The Cubs placed Roberts on the 60-day injured list Friday, an obvious move considering he’s still recovering from mid-July Tommy John surgery. That will obviously keep him on the IL through the first couple months of the season, but there’s no guarantee Roberts pitches at all for the Cubs this year.

Right now, Roberts told CHGO, he’s in his fourth week of his throwing program, which has had him throwing up to 75 feet for a week. After two more weeks at that distance, Roberts said he’ll spend three weeks throwing from 90 feet, then from 105 feet, then from 120 feet, then a two-week de-load, and then from 120 again before more pitching work becomes involved. Roberts is hopeful he’ll get to pitch in 2023, though he’s also confident in the plan the Cubs have laid out for him.

“I’m going to do all I can,” Roberts said. “I’m feeling really good. If I get to speed up, I would love it. If not, I respect what they want to do.”

Roberts’ actually didn’t throw a pitch after April 29 last season. Right shoulder soreness that he’d been trying to push through ended up forcing him on the 10-day IL in early May. The Tommy John surgery came as a result of an elbow injury sustained during a rehab outing in which he only threw four pitches.

Between the two injuries and now through a long recovery, Roberts — who said he’s usually a “pick-it-up-and-throw-it kind of guy” — has had to learn how to be patient.

“I was throwing the other day, and I’m supposed to be at 75 feet; on my fifth throw I was at 90, and I had to scoot back in,” Roberts said. “I was feeling good that day, and they were like, ‘Yo you gotta chill.’ And we have to maintain a certain velocity on our throws and stuff, and I was like, 10 [mph] over, and they were like, ‘Dude, you need to slow down.’ I did a little bit of research on my own, and from month six to months nine, which I’m right smack in the middle of, is the most vulnerable time for TJ. So, I’m trying to pump the breaks a bit.”

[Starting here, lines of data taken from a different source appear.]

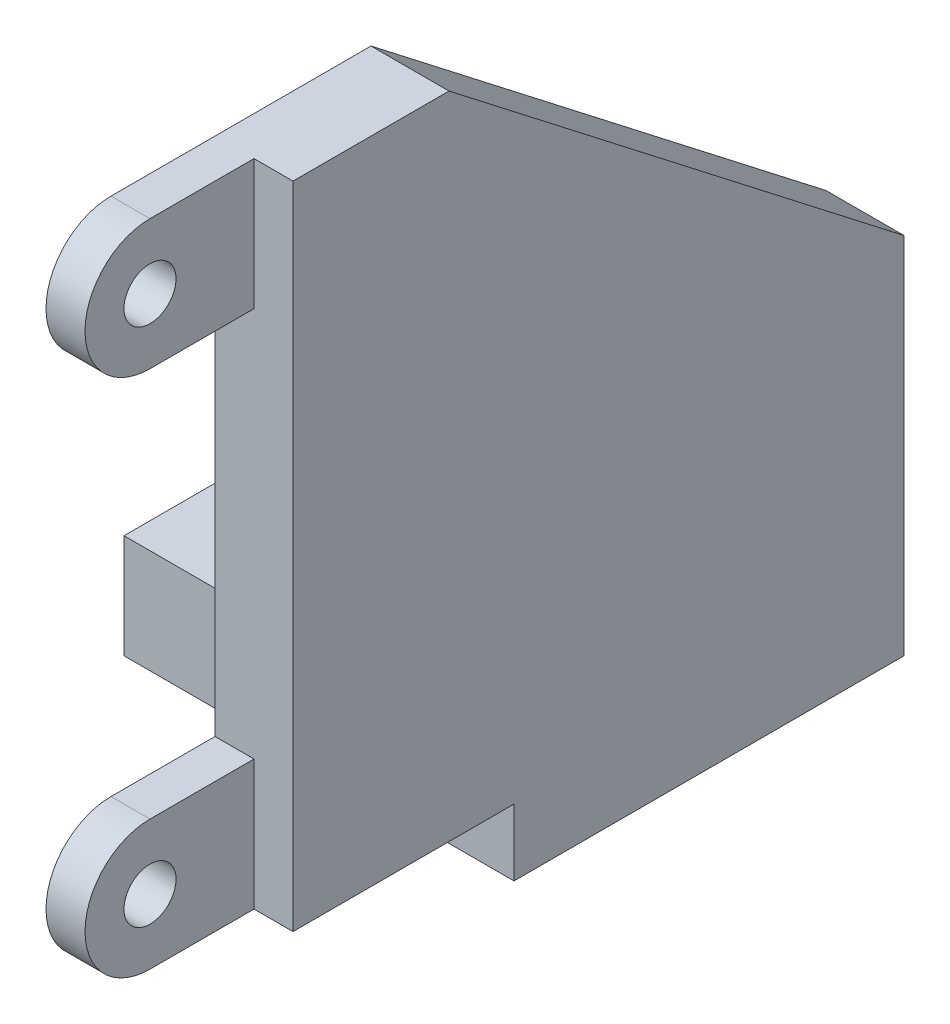
ISO-10303-21;
HEADER;
FILE_DESCRIPTION(('STEP AP214'),'2;1');
FILE_NAME('part.step','',(''),(''),'','','');
FILE_SCHEMA(('AUTOMOTIVE_DESIGN { 1 0 10303 214 1 1 1 1 }'));
ENDSEC;
DATA;
#1=APPLICATION_CONTEXT('core data for automotive mechanical design processes');
#2=APPLICATION_PROTOCOL_DEFINITION('international standard','automotive_design',2000,#1);
#3=PRODUCT_CONTEXT('',#1,'mechanical');
#4=PRODUCT('Part','Part','',(#3));
#5=PRODUCT_RELATED_PRODUCT_CATEGORY('part','',(#4));
#6=PRODUCT_DEFINITION_FORMATION('','',#4);
#7=PRODUCT_DEFINITION_CONTEXT('part definition',#1,'design');
#8=PRODUCT_DEFINITION('design','',#6,#7);
#9=PRODUCT_DEFINITION_SHAPE('','',#8);
#10=(LENGTH_UNIT() NAMED_UNIT(*) SI_UNIT(.MILLI.,.METRE.));
#11=(NAMED_UNIT(*) PLANE_ANGLE_UNIT() SI_UNIT($,.RADIAN.));
#12=(NAMED_UNIT(*) SI_UNIT($,.STERADIAN.) SOLID_ANGLE_UNIT());
#13=UNCERTAINTY_MEASURE_WITH_UNIT(LENGTH_MEASURE(1.E-05),#10,'distance_accuracy_value','');
#14=(GEOMETRIC_REPRESENTATION_CONTEXT(3) GLOBAL_UNCERTAINTY_ASSIGNED_CONTEXT((#13)) GLOBAL_UNIT_ASSIGNED_CONTEXT((#10,
#11,#12)) REPRESENTATION_CONTEXT('',''));
#15=CARTESIAN_POINT('',(0.,0.,0.));
#16=DIRECTION('',(0.,0.,1.));
#17=DIRECTION('',(1.,0.,0.));
#18=AXIS2_PLACEMENT_3D('',#15,#16,#17);
#19=CARTESIAN_POINT('',(0.,8.,-15.));
#20=DIRECTION('',(-1.,0.,0.));
#21=DIRECTION('',(0.,0.,1.));
#22=AXIS2_PLACEMENT_3D('',#19,#20,#21);
#23=PLANE('',#22);
#24=DIRECTION('',(0.,-1.,0.));
#25=VECTOR('',#24,1.);
#26=CARTESIAN_POINT('',(0.,15.125,32.));
#27=LINE('',#26,#25);
#28=CARTESIAN_POINT('',(0.,55.125,32.));
#29=VERTEX_POINT('',#28);
#30=CARTESIAN_POINT('',(0.,5.125,32.));
#31=VERTEX_POINT('',#30);
#32=EDGE_CURVE('E228',#29,#31,#27,.T.);
#33=ORIENTED_EDGE('',*,*,#32,.T.);
#34=DIRECTION('',(0.,0.,-1.));
#35=VECTOR('',#34,1.);
#36=CARTESIAN_POINT('',(0.,5.125,15.));
#37=LINE('',#36,#35);
#38=CARTESIAN_POINT('',(0.,5.125,15.));
#39=VERTEX_POINT('',#38);
#40=EDGE_CURVE('E166',#31,#39,#37,.T.);
#41=ORIENTED_EDGE('',*,*,#40,.T.);
#42=DIRECTION('',(0.,-1.,0.));
#43=VECTOR('',#42,1.);
#44=CARTESIAN_POINT('',(0.,8.,15.));
#45=LINE('',#44,#43);
#46=CARTESIAN_POINT('',(0.,0.,15.));
#47=VERTEX_POINT('',#46);
#48=EDGE_CURVE('E267',#39,#47,#45,.T.);
#49=ORIENTED_EDGE('',*,*,#48,.T.);
#50=DIRECTION('',(0.,0.,-1.));
#51=VECTOR('',#50,1.);
#52=CARTESIAN_POINT('',(0.,0.,-15.));
#53=LINE('',#52,#51);
#54=CARTESIAN_POINT('',(0.,0.,-15.));
#55=VERTEX_POINT('',#54);
#56=EDGE_CURVE('E258',#47,#55,#53,.T.);
#57=ORIENTED_EDGE('',*,*,#56,.T.);
#58=DIRECTION('',(0.,-1.,0.));
#59=VECTOR('',#58,1.);
#60=CARTESIAN_POINT('',(0.,8.,-15.));
#61=LINE('',#60,#59);
#62=CARTESIAN_POINT('',(0.,28.,-15.));
#63=VERTEX_POINT('',#62);
#64=EDGE_CURVE('E283',#63,#55,#61,.T.);
#65=ORIENTED_EDGE('',*,*,#64,.F.);
#66=DIRECTION('',(0.,0.612571665435814,0.790415052175244));
#67=VECTOR('',#66,1.);
#68=CARTESIAN_POINT('',(0.,55.125,20.));
#69=LINE('',#68,#67);
#70=CARTESIAN_POINT('',(0.,55.125,20.));
#71=VERTEX_POINT('',#70);
#72=EDGE_CURVE('E190',#63,#71,#69,.T.);
#73=ORIENTED_EDGE('',*,*,#72,.T.);
#74=DIRECTION('',(0.,0.,1.));
#75=VECTOR('',#74,1.);
#76=CARTESIAN_POINT('',(0.,55.125,40.));
#77=LINE('',#76,#75);
#78=EDGE_CURVE('E225',#71,#29,#77,.T.);
#79=ORIENTED_EDGE('',*,*,#78,.T.);
#80=EDGE_LOOP('',(#33,#41,#49,#57,#65,#73,#79));
#81=FACE_BOUND('',#80,.T.);
#82=ADVANCED_FACE('F37',(#81),#23,.F.);
#83=CARTESIAN_POINT('',(-6.,5.125,15.));
#84=DIRECTION('',(0.,-1.,0.));
#85=DIRECTION('',(0.,0.,-1.));
#86=AXIS2_PLACEMENT_3D('',#83,#84,#85);
#87=PLANE('',#86);
#88=ORIENTED_EDGE('',*,*,#40,.F.);
#89=DIRECTION('',(1.,0.,0.));
#90=VECTOR('',#89,1.);
#91=CARTESIAN_POINT('',(-3.,5.125,32.));
#92=LINE('',#91,#90);
#93=CARTESIAN_POINT('',(-3.,5.125,32.));
#94=VERTEX_POINT('',#93);
#95=EDGE_CURVE('E150',#94,#31,#92,.T.);
#96=ORIENTED_EDGE('',*,*,#95,.F.);
#97=DIRECTION('',(0.,0.,1.));
#98=VECTOR('',#97,1.);
#99=CARTESIAN_POINT('',(-3.,5.125,-15.));
#100=LINE('',#99,#98);
#101=CARTESIAN_POINT('',(-3.,5.125,40.));
#102=VERTEX_POINT('',#101);
#103=EDGE_CURVE('E156',#94,#102,#100,.T.);
#104=ORIENTED_EDGE('',*,*,#103,.T.);
#105=DIRECTION('',(1.,0.,0.));
#106=VECTOR('',#105,1.);
#107=CARTESIAN_POINT('',(-6.,5.125,40.));
#108=LINE('',#107,#106);
#109=CARTESIAN_POINT('',(-6.,5.125,40.));
#110=VERTEX_POINT('',#109);
#111=EDGE_CURVE('E234',#110,#102,#108,.T.);
#112=ORIENTED_EDGE('',*,*,#111,.F.);
#113=DIRECTION('',(0.,0.,-1.));
#114=VECTOR('',#113,1.);
#115=CARTESIAN_POINT('',(-6.,5.125,15.));
#116=LINE('',#115,#114);
#117=CARTESIAN_POINT('',(-6.,5.125,15.));
#118=VERTEX_POINT('',#117);
#119=EDGE_CURVE('E217',#110,#118,#116,.T.);
#120=ORIENTED_EDGE('',*,*,#119,.T.);
#121=DIRECTION('',(1.,0.,0.));
#122=VECTOR('',#121,1.);
#123=CARTESIAN_POINT('',(-6.,5.125,15.));
#124=LINE('',#123,#122);
#125=EDGE_CURVE('E231',#118,#39,#124,.T.);
#126=ORIENTED_EDGE('',*,*,#125,.T.);
#127=EDGE_LOOP('',(#88,#96,#104,#112,#120,#126));
#128=FACE_BOUND('',#127,.T.);
#129=ADVANCED_FACE('F164',(#128),#87,.T.);
#130=CARTESIAN_POINT('',(-6.,55.125,40.));
#131=DIRECTION('',(0.,1.,0.));
#132=DIRECTION('',(0.,0.,1.));
#133=AXIS2_PLACEMENT_3D('',#130,#131,#132);
#134=PLANE('',#133);
#135=DIRECTION('',(0.,0.,-1.));
#136=VECTOR('',#135,1.);
#137=CARTESIAN_POINT('',(-3.,55.125,-15.));
#138=LINE('',#137,#136);
#139=CARTESIAN_POINT('',(-3.,55.125,40.));
#140=VERTEX_POINT('',#139);
#141=CARTESIAN_POINT('',(-3.,55.125,32.));
#142=VERTEX_POINT('',#141);
#143=EDGE_CURVE('E162',#140,#142,#138,.T.);
#144=ORIENTED_EDGE('',*,*,#143,.T.);
#145=DIRECTION('',(1.,0.,0.));
#146=VECTOR('',#145,1.);
#147=CARTESIAN_POINT('',(-3.,55.125,32.));
#148=LINE('',#147,#146);
#149=EDGE_CURVE('E167',#142,#29,#148,.T.);
#150=ORIENTED_EDGE('',*,*,#149,.T.);
#151=ORIENTED_EDGE('',*,*,#78,.F.);
#152=DIRECTION('',(1.,0.,0.));
#153=VECTOR('',#152,1.);
#154=CARTESIAN_POINT('',(-6.,55.125,20.));
#155=LINE('',#154,#153);
#156=CARTESIAN_POINT('',(-6.,55.125,20.));
#157=VERTEX_POINT('',#156);
#158=EDGE_CURVE('E249',#157,#71,#155,.T.);
#159=ORIENTED_EDGE('',*,*,#158,.F.);
#160=DIRECTION('',(0.,0.,1.));
#161=VECTOR('',#160,1.);
#162=CARTESIAN_POINT('',(-6.,55.125,40.));
#163=LINE('',#162,#161);
#164=CARTESIAN_POINT('',(-6.,55.125,40.));
#165=VERTEX_POINT('',#164);
#166=EDGE_CURVE('E200',#157,#165,#163,.T.);
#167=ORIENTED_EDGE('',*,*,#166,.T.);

While he’s still got a lot of recovery time ahead of him, Roberts’ ultimate goal is to get back to helping the Cubs as quickly as possible. He knows they took a chance on him a year ago. He wants them to know they didn’t make a mistake.

“I know that what I bring to the table is important, but I feel like I have to prove that again — and I’m going to,” Roberts said. “I’ve put them in a bad spot, and I hate that I got hurt. It sucks. But I’m going to prove to them that I’m worth it again.”

Notable

  • Roberts’ move to the 60-day IL came as a result of the Cubs agreeing on a one-year, major league deal with Edwin Ríos. Ríos played in 112 games over parts of the last four years with the Dodgers, mostly manning the corner infield spots and working as the designated hitter. The 28-year-old slashed .244/.293/.500 in 86 at-bats with Los Angeles in 2022.

Quotable

  • Ryan Jensen, on Marcus Stroman giving him advice during a bullpen: “It was awesome. I turn around and see him right there after my bullpen is over. Knowing he was watching me the whole time was pretty cool. And then having him actually asking to take a moment with me and help me out. He was just helping with my mechanics and gave me some tips of what he does. Obviously, he’s defined himself as one of the best starters in the big leagues, so just having that moment with him was surreal. I’ll never forget it.”
  • Nico Hoerner, on top prospect Pete Crow-Armstrong saying Hoerner embodies “Cubbie baseball”: “I don’t think that’s something you really set out to do. You just be the best version of yourself, and hopefully, that’s what it means to be here. Do whatever you do well at the highest level and show up every day ready to work and treat people well along the way and go from there.”